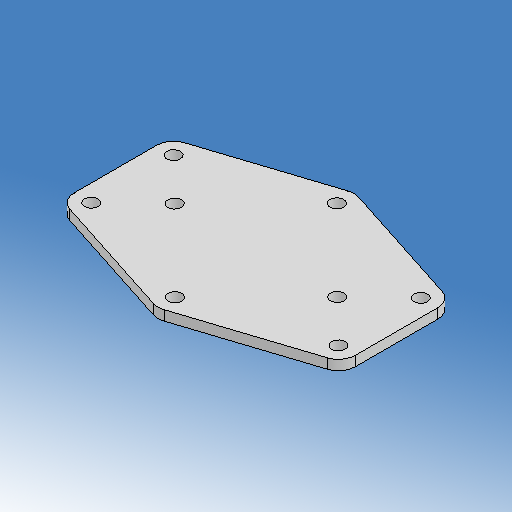
# Autodesk Inventor part: LidarMountAdapter
Saved by Autodesk Inventor 2025 (Build 290162000, 162)
## iProperties
Created: 2024-06-15
Part Number: LidarMountAdapter
Material: Generic
Document SubType Name: Sheet Metal
Designer: seene
Density: 1 g/cm^3
Sheet Metal Rule: Default
Appearance: Default
Author: seene
Autodesk Inventor part; units mm, degrees
ref_plane "YZ Plane" through (0, 0, 0) normal (1, 0, 0) x (0, 1, 0)
ref_plane "XZ Plane" through (0, 0, 0) normal (0, 1, 0) x (-1, 0, 0)
ref_plane "XY Plane" through (0, 0, 0) normal (0, 0, 1) x (1, 0, 0)
sketch "Sketch1" plane through (0, 0, 0) normal (0, 1, 0) x (-1, 0, 0)
  line L0 (-43.3451, -30.2749) -> (43.3451, -30.2749)
  line L1 (43.3451, -30.2749) -> (43.3451, 30.2749)
  line L2 (43.3451, 30.2749) -> (-43.3451, 30.2749)
  line L3 (-43.3451, 30.2749) -> (-43.3451, -30.2749)
  line L4 (-43.3451, -30.2749) -> (43.3451, 30.2749) construction
  line L5 (43.3451, -30.2749) -> (-43.3451, 30.2749) construction
  circle A0 centre (0, 0) radius 25 construction
  circle A1 centre (24.9999, 0.0535) radius 2.1
  circle A2 centre (-0.0535, 24.9999) radius 2.1
  circle A3 centre (-24.9999, -0.0535) radius 2.1
  circle A4 centre (0.0535, -24.9999) radius 2.1
  line L6 (25.4, -25.4) -> (-25.4, -25.4) construction
  line L7 (-25.4, -25.4) -> (-25.4, 25.4) construction
  line L8 (-25.4, 25.4) -> (25.4, 25.4) construction
  line L9 (25.4, 25.4) -> (25.4, -25.4) construction
  line L10 (25.4, -25.4) -> (-25.4, 25.4) construction
  line L11 (25.4, 25.4) -> (-25.4, -25.4) construction
  circle A5 centre (38.1, -12.7) radius 2.0701
  circle A6 centre (38.1, 12.7) radius 2.0701
  circle A7 centre (-38.1, 12.7) radius 2.0701
  circle A8 centre (-38.1, -12.7) radius 2.0701
  circle A9 centre (38.1, -12.7) radius 5.2451
  circle A10 centre (0.0535, -24.9999) radius 5.275
  circle A11 centre (-38.1, -12.7) radius 5.2451
  circle A12 centre (-0.0535, 24.9999) radius 5.275
  circle A13 centre (38.1, 12.7) radius 5.2451
  circle A14 centre (-38.1, 12.7) radius 5.2451
  line L12 (39.7131, 17.6909) -> (1.5688, 30.0193)
  line L13 (-1.6799, 30.018) -> (-39.7172, 17.6896)
  line L14 (-39.7131, -17.6909) -> (-1.5688, -30.0193)
  line L15 (39.7172, -17.6896) -> (1.6799, -30.018)
  point P0 (0, 0)
  point P1 (-43.3451, -12.7)
  point P2 (43.3451, -12.7)
  point P3 (43.3451, 12.7)
  point P4 (-43.3451, 12.7)
  dimension "d7" = 50
  dimension "d2" = 360
  dimension "d4" = 4.2
  dimension "d29" = 50.8
  dimension "d30" = 50.8
  dimension "d31" = 4.1402
  dimension "d32" = 4.1402
  dimension "d33" = 12.7
  dimension "d36" = 360
  dimension "d39" = 25.4
  dimension "d40" = 12.7
  dimension "d41" = 3.175
  dimension "d42" = 3.175
  dimension "d43" = 3.175
  dimension "d44" = 3.175
  dimension "d45" = 3.175
  dimension "d46" = 3.175
  measures "d4" diameter of A1
  measures "d29" distance of L7.end L8.end
  measures "d30" distance of L6.end L7.end
  measures "d31" diameter of A5
  measures "d32" diameter of A6
  measures "d33" distance from line of L9 A5.centre
  measures "d39" distance of A6.centre A5.centre
  measures "d40" vertical distance of point (0, 0) A5.centre
  measures "d42" radial gap between concentric circles of A4 A10
  measures "d44" radial gap between concentric circles of A2 A12
extrude "Plate1" add sketch "Sketch1" along normal blind 3.048 contours A10 | L3 A14 L13 A12 L12 A13 L1 A9 L15 A10 L14 A11 | A11 | A14 | A9 | A13 | A12
equation "\"d8\" = Thickness"
equation "\"d40\" = 0.5 * d39"
equation "\"BendRadius\" = Thickness"
equation "\"BendReliefWidth\" = Thickness"
equation "\"BendReliefDepth\" = 0.5 * Thickness"
equation "\"CornerReliefSize\" = 4 * Thickness"
equation "\"MinimumRemnant\" = 2 * Thickness"
equation "\"TransitionRadius\" = BendRadius"
equation "\"JacobiRadiusSize\" = BendRadius"
equation "\"GapSize\" = Thickness"
equation "\"Thickness\" = 3.048"
body "Solid1"

----

■ **Problem statement**
Work through the listing above and report how many lines include the string "construction", with no other text.

■ **Solution**
9